▶ _Collection entries_:
=====
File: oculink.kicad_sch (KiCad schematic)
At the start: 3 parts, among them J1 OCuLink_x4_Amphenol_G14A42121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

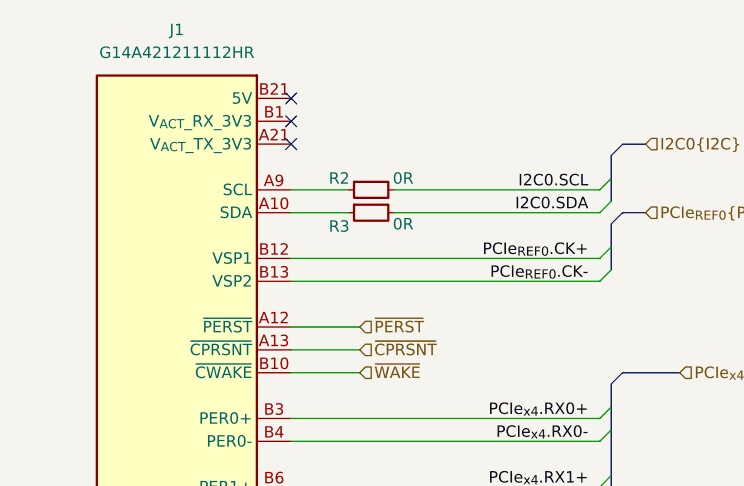
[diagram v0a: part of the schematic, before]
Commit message: [#79026] Add power supply section, reannotate schematic
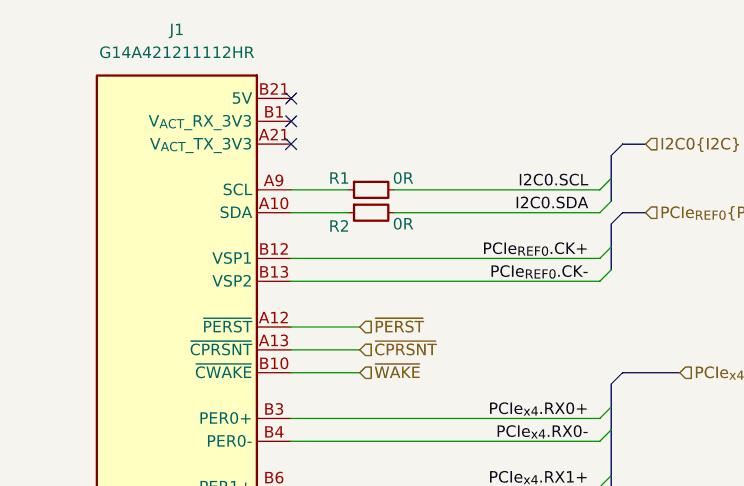
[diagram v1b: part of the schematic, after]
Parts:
- renumbered R2 to R1, R3 to R2
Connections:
- net at J1.A9 (NC): now also R1.1
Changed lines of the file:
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@@
 		(on_board yes)
 		(dnp no)
-		(property "Reference" "R3"
+		(property "Reference" "R2"
 			(at 202.184 106.934 0)
 			(effects
@@
 			(project "oculink-to-pcie-adapter"
 				(path "/44c3be85-0a18-4d93-a9a5-650ee09b6032/642de475-f425-453b-bd11-9d34133bc8d0"
-					(reference "R3")
+					(reference "R2")
 					(unit 1)
 				)
@@
 		(on_board yes)
 		(dnp no)
-		(property "Reference" "#PWR075"
+		(property "Reference" "#PWR02"
 			(at 160.02 189.23 0)
 			(effects
@@
 			(project "oculink-to-pcie-adapter"
 				(path "/44c3be85-0a18-4d93-a9a5-650ee09b6032/642de475-f425-453b-bd11-9d34133bc8d0"
-					(reference "#PWR075")
+					(reference "#PWR02")
 					(unit 1)
 				)
@@
 		(on_board yes)
 		(dnp no)
-		(property "Reference" "R2"
+		(property "Reference" "R1"
 			(at 202.184 101.6 0)
 			(effects
@@
 			(project "oculink-to-pcie-adapter"
 				(path "/44c3be85-0a18-4d93-a9a5-650ee09b6032/642de475-f425-453b-bd11-9d34133bc8d0"
-					(reference "R2")
+					(reference "R1")
 					(unit 1)
 				)

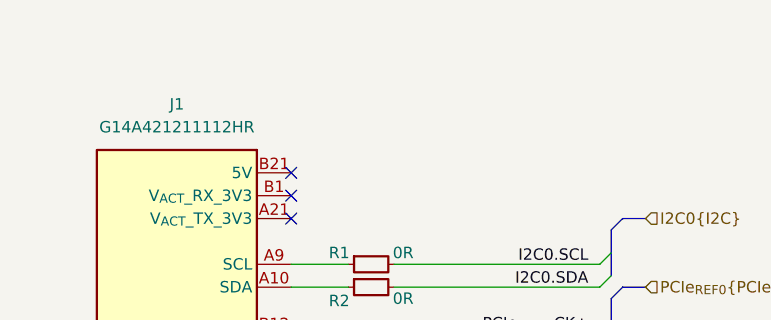
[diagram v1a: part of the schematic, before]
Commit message: [#79026] Change power input connector, add net classes, minor schematic refactor
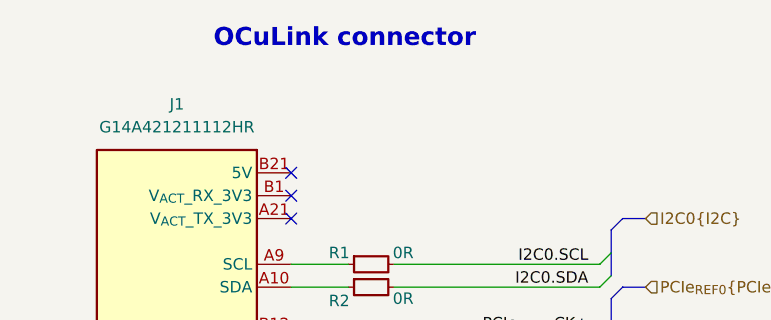
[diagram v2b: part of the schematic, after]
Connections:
- net at J1.A9 (SCL): now also R1.1
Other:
- note added: "OCuLink connector"
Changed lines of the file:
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@@
 		(members "CK+" "CK-")
+	)
+	(text "OCuLink connector"
+		(exclude_from_sim no)
+		(at 188.214 78.994 0)
+		(effects
+			(font
+				(size 2 2)
+				(thickness 0.4)
+				(bold yes)
+			)
+			(justify left bottom)
+		)
 	)
 	(junction
@@
 			)
 			(justify left)
+		)
+	)
+	(rule_area
+		(polyline
+			(pts
+				(xy 215.9 106.68) (xy 257.81 106.68) (xy 257.81 115.57) (xy 215.9 115.57)
+			)
+			(stroke
+				(width 0)
+				(type dash)
+			)
+			(fill
+				(type none)
+			)
+		)
+	)
+	(rule_area
+		(polyline
+			(pts
+				(xy 215.9 120.65) (xy 257.81 120.65) (xy 257.81 186.69) (xy 215.9 186.69)
+			)
+			(stroke
+				(width 0)
+				(type dash)
+			)
+			(fill
+				(type none)
+			)
+		)
+	)
+	(netclass_flag ""
+		(length 2.54)
+		(shape round)
+		(at 257.81 106.68 0)
+		(fields_autoplaced yes)
+		(effects
+			(font
+				(size 1.27 1.27)
+				(color 0 132 132 1)
+			)
+			(justify left bottom)
+		)
+		(property "Netclass" "PCIe_{REF}"
+			(at 258.5085 104.14 0)
+			(effects
+				(font
+					(size 1.27 1.27)
+				)
+				(justify left)
+			)
+		)
+		(property "Component Class" ""
+			(at -114.3 -8.89 0)
+			(effects
+				(font
+					(size 1.27 1.27)
+					(italic yes)
+				)
+			)
+		)
+	)
+	(netclass_flag ""
+		(length 2.54)
+		(shape round)
+		(at 257.81 120.65 0)
+		(fields_autoplaced yes)
+		(effects
+			(font
+				(size 1.27 1.27)
+				(color 0 132 0 1)
+			)
+			(justify left bottom)
+		)
+		(property "Netclass" "PCIe"
+			(at 258.5085 118.11 0)
+			(effects
+				(font
+					(size 1.27 1.27)
+				)
+				(justify left)
+			)
+		)
+		(property "Component Class" ""
+			(at -114.3 5.08 0)
+			(effects
+				(font
+					(size 1.27 1.27)
+					(italic yes)
+				)
+			)
 		)
 	)
@@
 		(pin "A15"
 		)
-		(pin "A9"
+		(pin "B9"
 		)
 		(pin "B2"

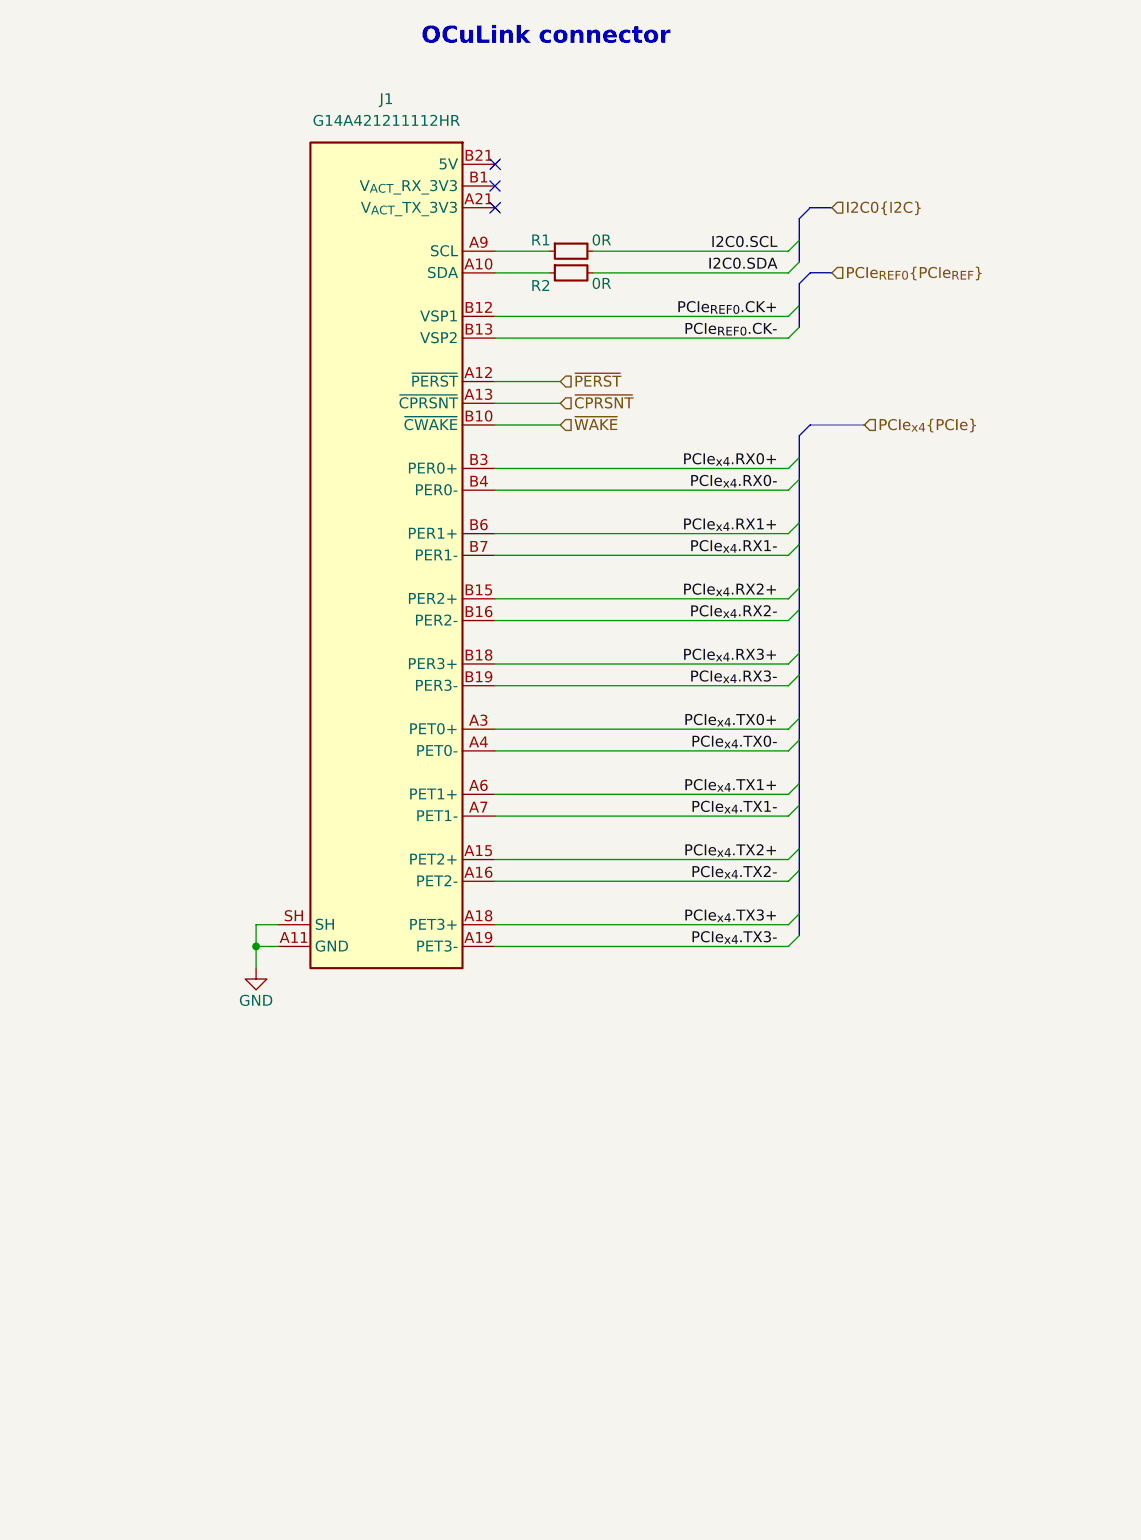
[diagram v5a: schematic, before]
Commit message: [#79262] Add TVS to OCuLink connector, add decoupling capacitors for PCIe connector
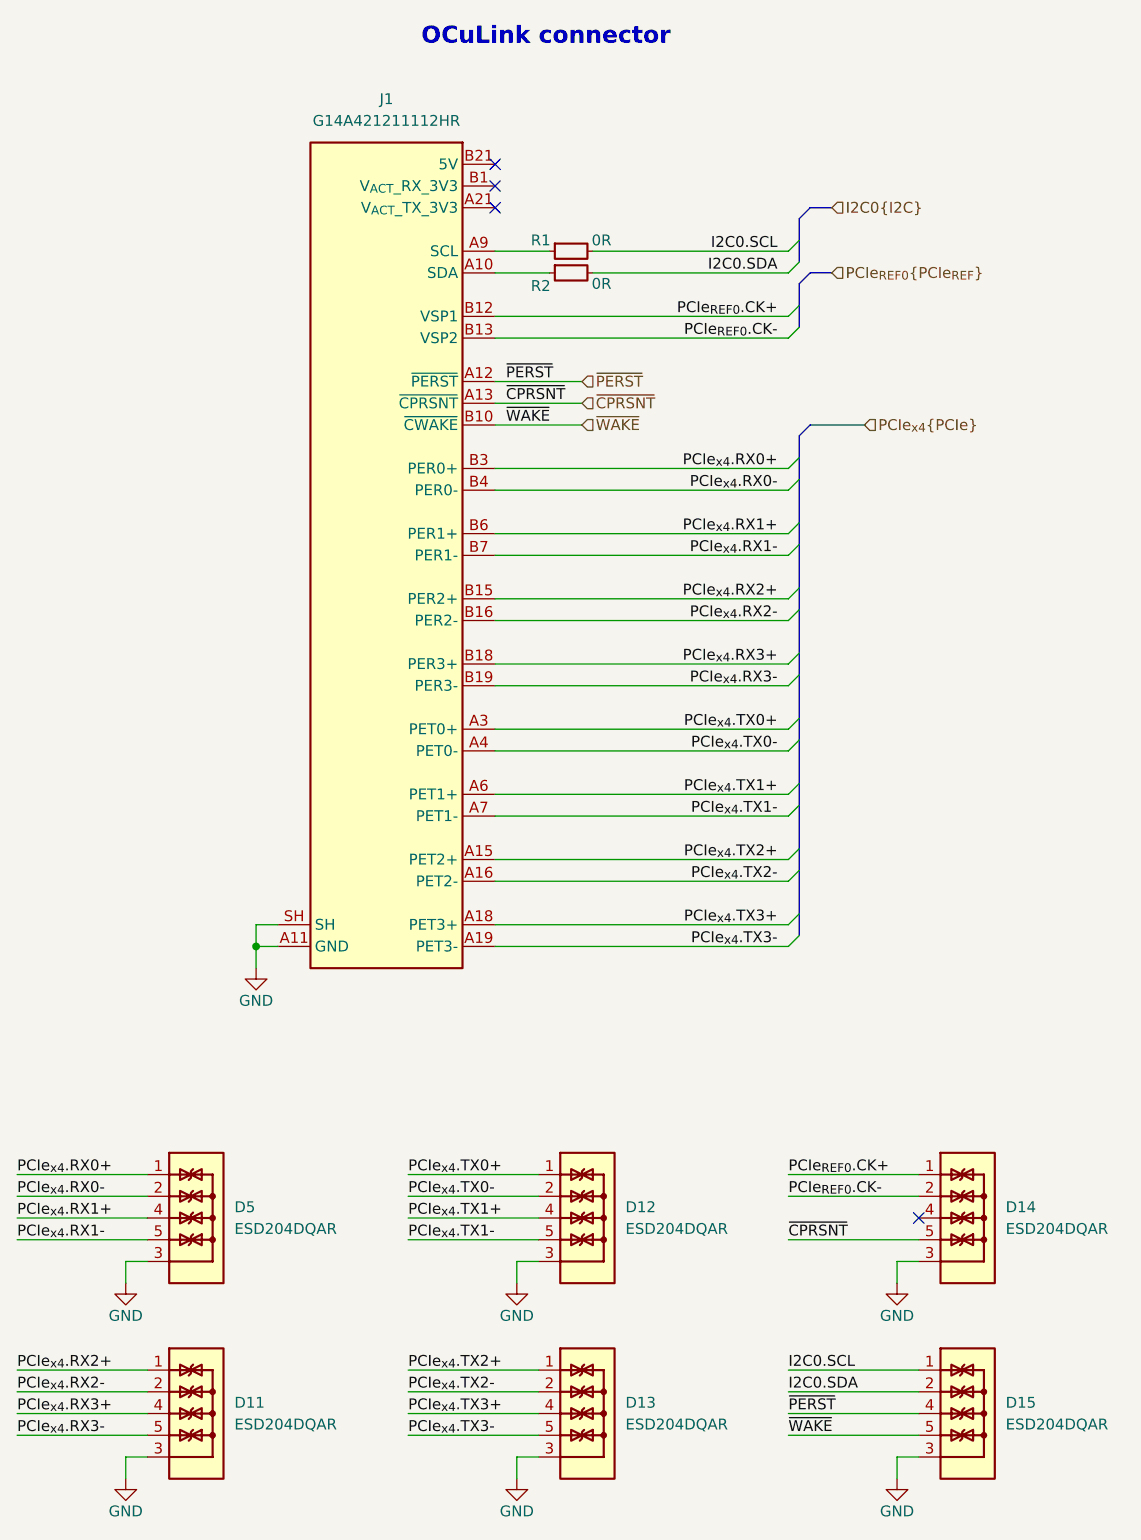
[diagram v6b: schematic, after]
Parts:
- added D11, D12, D13, D14, D15, D5: ESD204DQAR, antmicro-footprints:USON-10_2.5x1mm_P0.5mm, symbol antmicroTVSDiodes:ESD204DQAR
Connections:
- net GND: now also D11.3, D11.8, D12.3, D12.8, D13.3, D13.8, D14.3, D14.8, D15.3, D15.8, D5.3, D5.8
- net I2C0.SCL: now also D15.1, D15.10
- net I2C0.SDA: now also D15.2, D15.9
- net PCIe_{REF0}.CK+: now also D14.1, D14.10
- net PCIe_{REF0}.CK-: now also D14.2, D14.9
- net PCIe_{x4}.RX0+: now also D5.1, D5.10
- net PCIe_{x4}.RX0-: now also D5.2, D5.9
- net PCIe_{x4}.RX1+: now also D5.4, D5.7
- net PCIe_{x4}.RX1-: now also D5.5, D5.6
- net PCIe_{x4}.RX2+: now also D11.1, D11.10
- net PCIe_{x4}.RX2-: now also D11.2, D11.9
- net PCIe_{x4}.RX3+: now also D11.4, D11.7
- net PCIe_{x4}.RX3-: now also D11.5, D11.6
- net PCIe_{x4}.TX0+: now also D12.1, D12.10
- net PCIe_{x4}.TX0-: now also D12.2, D12.9
- net PCIe_{x4}.TX1+: now also D12.4, D12.7
- net PCIe_{x4}.TX1-: now also D12.5, D12.6
- net PCIe_{x4}.TX2+: now also D13.1, D13.10
- net PCIe_{x4}.TX2-: now also D13.2, D13.9
- net PCIe_{x4}.TX3+: now also D13.4, D13.7
- net PCIe_{x4}.TX3-: now also D13.5, D13.6
- net ~{CPRSNT}: now also D14.5, D14.6
- net ~{PERST}: now also D15.4, D15.7
- net ~{WAKE}: now also D15.5, D15.6
- new net: D14.4, D14.7
- no-connect marks 3 -> 4
=====
▶ _WHAT THIS TASK INVOLVES_: Return a copy of each line in the entries that carries the string "before".

▶ _SOLUTION_:
[diagram v0a: part of the schematic, before]
[diagram v1a: part of the schematic, before]
[diagram v5a: schematic, before]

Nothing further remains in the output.